Um sentimento moderno
A antologia dos retratos feitos por Fernando Lemos dá-nos uma imagem possível do meio artístico português do imediato pós-guerra.
São dezenas e dezenas de retratos assinados por Fernando Lemos, realizados entre 1949 e 1952 (em tiragens de 2004), que compõem Para uma crítica do retrato colectivo em Portugal no fim dos anos 40, uma das exposições recentemente inauguradas no Museu Berardo, comissariada por Pedro Lapa. Atente-se ao título, porque ele enuncia um desvio voluntário da apreciação crítica mais vulgarizada sobre estas obras, justamente aquela que as inclui no grupo relativamente restrito da produção surrealista em Portugal. Fernando Lemos foi de facto surrealista, expondo logo em 1952 na Casa Jalco juntamente com Vespeira e Fernando de Azevedo. Na altura, não mostrou apenas fotografia, mas esta técnica acabaria por ser a que o individualizaria no seio da produção do grupo. A baliza temporal da actual exposição termina assim no mesmo ano em que Lemos iria assumir esta identidade surrealista, um ano antes da sua partida para o Brasil, onde faz vida desde então.
Do próprio Fernando Lemos aos amigos artistas plásticos, de escritores e actores com quem se dava até aos anónimos que foi fotografando, as obras de Fernando Lemos vão-nos dando sobretudo um retrato de um certo meio cultural moderno e educado que nos fascina. Os membros do Grupo Surrealista de Lisboa têm lugar de destaque, por vezes com imagens que ultrapassam a marcação do trabalho do seu autor para se converterem no próprio ícone do fotografado. Um auto-retrato envolto em nuvens de fumo de tabaco, por exemplo, é a imagem que imediatamente nos vem ao espírito quando pensamos em Fernando Lemos. Ou a Lavagem Cerebral de Alexandre O’Neill, o beijo entre Arpad e Maria Helena Vieira da Silva, a figura de Sophia como uma “Guerreira”, entre tantos outros.
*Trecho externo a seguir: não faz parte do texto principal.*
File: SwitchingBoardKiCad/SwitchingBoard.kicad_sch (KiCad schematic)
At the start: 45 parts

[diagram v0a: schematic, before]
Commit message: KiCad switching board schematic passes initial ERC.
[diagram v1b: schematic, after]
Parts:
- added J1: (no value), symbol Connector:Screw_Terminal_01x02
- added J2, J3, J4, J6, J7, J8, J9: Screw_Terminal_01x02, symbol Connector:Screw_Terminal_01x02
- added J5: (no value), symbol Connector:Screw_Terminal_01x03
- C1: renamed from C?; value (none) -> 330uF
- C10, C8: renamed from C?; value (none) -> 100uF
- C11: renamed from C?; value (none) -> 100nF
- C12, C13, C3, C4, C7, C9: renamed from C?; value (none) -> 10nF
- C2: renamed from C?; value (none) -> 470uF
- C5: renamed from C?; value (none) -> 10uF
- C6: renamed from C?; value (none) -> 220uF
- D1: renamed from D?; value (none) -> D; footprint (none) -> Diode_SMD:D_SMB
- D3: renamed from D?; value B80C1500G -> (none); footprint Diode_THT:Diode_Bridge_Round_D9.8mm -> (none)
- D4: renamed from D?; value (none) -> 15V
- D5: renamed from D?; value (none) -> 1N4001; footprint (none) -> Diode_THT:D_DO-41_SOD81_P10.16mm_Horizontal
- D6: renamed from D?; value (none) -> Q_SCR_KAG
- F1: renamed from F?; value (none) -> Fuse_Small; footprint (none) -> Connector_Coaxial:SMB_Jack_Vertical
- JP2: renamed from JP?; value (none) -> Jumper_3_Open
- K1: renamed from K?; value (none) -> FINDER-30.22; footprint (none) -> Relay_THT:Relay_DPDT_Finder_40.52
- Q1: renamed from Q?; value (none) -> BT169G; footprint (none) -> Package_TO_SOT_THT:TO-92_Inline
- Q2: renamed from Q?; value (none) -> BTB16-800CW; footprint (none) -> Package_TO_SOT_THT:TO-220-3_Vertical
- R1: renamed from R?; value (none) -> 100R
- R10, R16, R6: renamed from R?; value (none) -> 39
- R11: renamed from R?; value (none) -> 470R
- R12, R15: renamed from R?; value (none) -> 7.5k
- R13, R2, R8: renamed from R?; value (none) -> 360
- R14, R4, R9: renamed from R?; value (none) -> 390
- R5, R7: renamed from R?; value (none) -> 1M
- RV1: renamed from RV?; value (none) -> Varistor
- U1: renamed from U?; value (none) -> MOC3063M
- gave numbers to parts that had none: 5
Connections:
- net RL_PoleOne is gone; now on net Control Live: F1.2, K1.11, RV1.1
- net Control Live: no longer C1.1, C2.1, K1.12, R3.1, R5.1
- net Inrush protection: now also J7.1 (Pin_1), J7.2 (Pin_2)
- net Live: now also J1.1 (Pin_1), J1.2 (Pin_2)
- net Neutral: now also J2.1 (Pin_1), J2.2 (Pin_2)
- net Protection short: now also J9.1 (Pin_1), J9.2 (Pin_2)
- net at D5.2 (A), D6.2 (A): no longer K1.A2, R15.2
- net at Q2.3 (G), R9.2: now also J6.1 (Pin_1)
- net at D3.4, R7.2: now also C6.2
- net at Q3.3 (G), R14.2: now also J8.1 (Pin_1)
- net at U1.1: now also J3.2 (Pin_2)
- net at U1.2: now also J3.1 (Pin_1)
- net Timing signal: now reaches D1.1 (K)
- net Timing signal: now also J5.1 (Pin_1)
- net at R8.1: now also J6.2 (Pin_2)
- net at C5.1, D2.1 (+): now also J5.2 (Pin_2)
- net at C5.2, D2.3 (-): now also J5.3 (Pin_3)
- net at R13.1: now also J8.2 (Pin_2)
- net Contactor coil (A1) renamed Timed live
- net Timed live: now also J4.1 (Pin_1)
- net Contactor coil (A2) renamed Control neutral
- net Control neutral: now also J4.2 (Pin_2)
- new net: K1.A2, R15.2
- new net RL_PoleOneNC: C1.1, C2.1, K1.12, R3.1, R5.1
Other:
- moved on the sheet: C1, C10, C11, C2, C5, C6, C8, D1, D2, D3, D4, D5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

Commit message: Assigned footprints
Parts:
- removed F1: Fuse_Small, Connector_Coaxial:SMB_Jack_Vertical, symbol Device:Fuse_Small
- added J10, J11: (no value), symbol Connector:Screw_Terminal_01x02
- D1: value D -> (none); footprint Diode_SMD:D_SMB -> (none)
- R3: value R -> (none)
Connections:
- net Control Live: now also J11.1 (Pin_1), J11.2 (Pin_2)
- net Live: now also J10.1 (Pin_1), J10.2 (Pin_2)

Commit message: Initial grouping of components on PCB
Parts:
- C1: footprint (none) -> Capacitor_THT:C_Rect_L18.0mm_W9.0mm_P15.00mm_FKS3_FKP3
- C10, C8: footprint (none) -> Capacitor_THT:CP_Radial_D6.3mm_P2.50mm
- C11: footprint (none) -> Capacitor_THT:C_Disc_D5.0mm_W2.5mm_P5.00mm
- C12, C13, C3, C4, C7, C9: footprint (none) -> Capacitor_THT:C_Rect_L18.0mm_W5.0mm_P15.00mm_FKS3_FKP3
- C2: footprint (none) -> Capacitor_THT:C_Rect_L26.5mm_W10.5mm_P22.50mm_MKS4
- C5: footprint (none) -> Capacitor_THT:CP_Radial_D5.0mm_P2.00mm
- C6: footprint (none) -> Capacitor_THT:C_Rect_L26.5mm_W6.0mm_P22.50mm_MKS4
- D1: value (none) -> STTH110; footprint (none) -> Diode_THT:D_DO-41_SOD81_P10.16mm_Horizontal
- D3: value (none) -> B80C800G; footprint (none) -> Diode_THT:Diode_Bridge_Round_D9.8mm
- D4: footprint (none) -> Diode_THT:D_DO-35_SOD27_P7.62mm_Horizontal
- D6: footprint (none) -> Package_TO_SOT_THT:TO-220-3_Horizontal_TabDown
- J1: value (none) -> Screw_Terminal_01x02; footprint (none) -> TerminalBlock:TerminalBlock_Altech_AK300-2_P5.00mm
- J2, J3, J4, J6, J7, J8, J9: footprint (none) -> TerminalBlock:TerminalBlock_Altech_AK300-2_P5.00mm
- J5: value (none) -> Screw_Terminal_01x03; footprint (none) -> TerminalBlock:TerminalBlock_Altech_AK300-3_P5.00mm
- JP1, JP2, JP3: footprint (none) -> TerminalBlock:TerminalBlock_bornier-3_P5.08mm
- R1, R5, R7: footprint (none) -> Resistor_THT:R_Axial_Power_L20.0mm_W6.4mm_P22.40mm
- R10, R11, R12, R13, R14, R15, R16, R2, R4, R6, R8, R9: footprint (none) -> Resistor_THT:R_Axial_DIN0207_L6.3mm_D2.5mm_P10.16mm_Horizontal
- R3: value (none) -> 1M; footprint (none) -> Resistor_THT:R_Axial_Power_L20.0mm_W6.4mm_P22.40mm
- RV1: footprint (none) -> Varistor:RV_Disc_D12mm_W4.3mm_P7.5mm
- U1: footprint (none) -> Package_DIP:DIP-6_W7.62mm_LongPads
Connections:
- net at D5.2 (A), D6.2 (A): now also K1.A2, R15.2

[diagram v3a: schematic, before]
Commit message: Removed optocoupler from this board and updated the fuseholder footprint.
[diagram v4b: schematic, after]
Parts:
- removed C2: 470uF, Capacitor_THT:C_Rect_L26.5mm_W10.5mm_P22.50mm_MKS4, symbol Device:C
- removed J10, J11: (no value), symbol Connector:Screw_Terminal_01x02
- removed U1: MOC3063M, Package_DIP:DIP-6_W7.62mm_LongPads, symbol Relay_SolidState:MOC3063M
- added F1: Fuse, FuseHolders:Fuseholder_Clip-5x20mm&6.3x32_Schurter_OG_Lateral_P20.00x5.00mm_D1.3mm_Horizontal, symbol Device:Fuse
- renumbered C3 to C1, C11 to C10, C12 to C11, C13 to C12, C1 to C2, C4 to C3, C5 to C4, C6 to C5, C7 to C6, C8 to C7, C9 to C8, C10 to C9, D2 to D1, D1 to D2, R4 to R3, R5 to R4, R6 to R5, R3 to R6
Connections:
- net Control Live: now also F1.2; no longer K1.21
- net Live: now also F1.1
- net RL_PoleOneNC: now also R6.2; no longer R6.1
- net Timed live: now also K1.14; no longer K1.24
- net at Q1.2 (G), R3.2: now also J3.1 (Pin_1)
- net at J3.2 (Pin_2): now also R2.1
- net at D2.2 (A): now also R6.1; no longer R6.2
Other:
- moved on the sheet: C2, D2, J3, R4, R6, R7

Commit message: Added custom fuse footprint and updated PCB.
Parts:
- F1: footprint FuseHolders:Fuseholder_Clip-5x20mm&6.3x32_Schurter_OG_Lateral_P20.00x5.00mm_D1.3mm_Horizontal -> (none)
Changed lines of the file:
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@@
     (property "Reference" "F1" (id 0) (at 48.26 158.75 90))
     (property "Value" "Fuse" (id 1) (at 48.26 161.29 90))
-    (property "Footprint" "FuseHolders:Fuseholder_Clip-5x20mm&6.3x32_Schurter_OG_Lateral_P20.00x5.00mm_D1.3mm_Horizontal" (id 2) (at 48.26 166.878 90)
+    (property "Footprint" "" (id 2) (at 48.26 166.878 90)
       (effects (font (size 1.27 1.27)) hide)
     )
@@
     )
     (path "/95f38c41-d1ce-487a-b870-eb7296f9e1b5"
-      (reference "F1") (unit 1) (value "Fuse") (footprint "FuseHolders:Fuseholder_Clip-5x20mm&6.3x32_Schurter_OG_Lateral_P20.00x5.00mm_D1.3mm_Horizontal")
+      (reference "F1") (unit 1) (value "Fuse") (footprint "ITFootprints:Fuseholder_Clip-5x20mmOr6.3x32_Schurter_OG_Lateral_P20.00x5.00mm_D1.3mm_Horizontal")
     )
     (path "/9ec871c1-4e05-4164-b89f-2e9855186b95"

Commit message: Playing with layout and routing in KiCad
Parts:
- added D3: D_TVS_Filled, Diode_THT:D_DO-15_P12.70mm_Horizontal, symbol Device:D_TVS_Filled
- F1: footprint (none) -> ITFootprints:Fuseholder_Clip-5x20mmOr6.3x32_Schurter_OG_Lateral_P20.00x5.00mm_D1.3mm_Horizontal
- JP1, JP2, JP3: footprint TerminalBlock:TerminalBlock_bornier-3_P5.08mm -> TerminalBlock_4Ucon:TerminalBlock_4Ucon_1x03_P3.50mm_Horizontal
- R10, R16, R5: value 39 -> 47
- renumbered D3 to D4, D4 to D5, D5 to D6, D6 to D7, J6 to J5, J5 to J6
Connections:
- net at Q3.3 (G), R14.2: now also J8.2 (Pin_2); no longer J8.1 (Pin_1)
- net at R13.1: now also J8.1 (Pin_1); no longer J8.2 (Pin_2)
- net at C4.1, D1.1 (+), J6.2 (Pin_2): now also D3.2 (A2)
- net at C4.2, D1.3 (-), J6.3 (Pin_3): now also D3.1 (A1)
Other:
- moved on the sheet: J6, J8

Este sentimento moderno, que afinal passa também pela procura de uma identidade sonhada num ambiente que sentimos sufocante, tantas vezes reflectido nos enquadramentos escolhidos pelo autor, é função não apenas da escolha do modelo, mas da diversidade técnica que Fernando Lemos dominava e exibia na obra fotográfica destes anos. Aos ensinamentos de alguma fotografia dadaísta e surrealista que decerto conheceu e captou – é nítida a sombra tutelar de um Man Ray, por exemplo, em certas imagens – Lemos acrescenta a procura de uma linguagem própria feita de sobreposições e um controlo cada vez mais evidente de gamas de luz e sombra. Estes retratos possuem uma uniformidade notável, servida aqui por uma montagem de um rigor geométrico que contrasta com a óbvia vontade de romper hábitos e normas na obra de Fernando Lemos.
A exposição completa-se com a projecção do filme Luz Teimosa, sobre a obra e a pessoa do artista, através do prisma da procura feita nos dias de hoje de uma criança anónima fotografada nesta época. Há aqui um dos raros desvios do conceito da exposição, visto que essa fotografia não é uma imagem integrável nesse retrato colectivo, melancólico e moderno da intelectualidade urbana de finais da década de 40. Neste sentido, a selecção feita pelo curador adquire uma dimensão mais aberta, global, e podemos inseri-la num vasto conjunto de reflexões sobre a identidade portuguesa de que – para nos mantermos no âmbito da imagem fotográfica – o livro Lisboa cidade triste e alegre, de Victor Palla e Costa Martins, publicado em 1959, será um outro pólo. De qualquer modo, para além dos méritos próprios à técnica, que são obviamente inegáveis, estas imagens estão entre as melhores em termos artísticos surgidas nestes anos. O surrealismo, em Portugal, vive por vezes paralisado entre a admiração pela França e a vontade furiosa de criar qualquer coisa de novo. Lemos ultrapassa estes limites, decerto também porque deixa o país e constrói a sua própria nacionalidade a partir de quase nada. Nestes retratos, no enclausuramento que transmitem, estará talvez a chave para compreender esta decisão.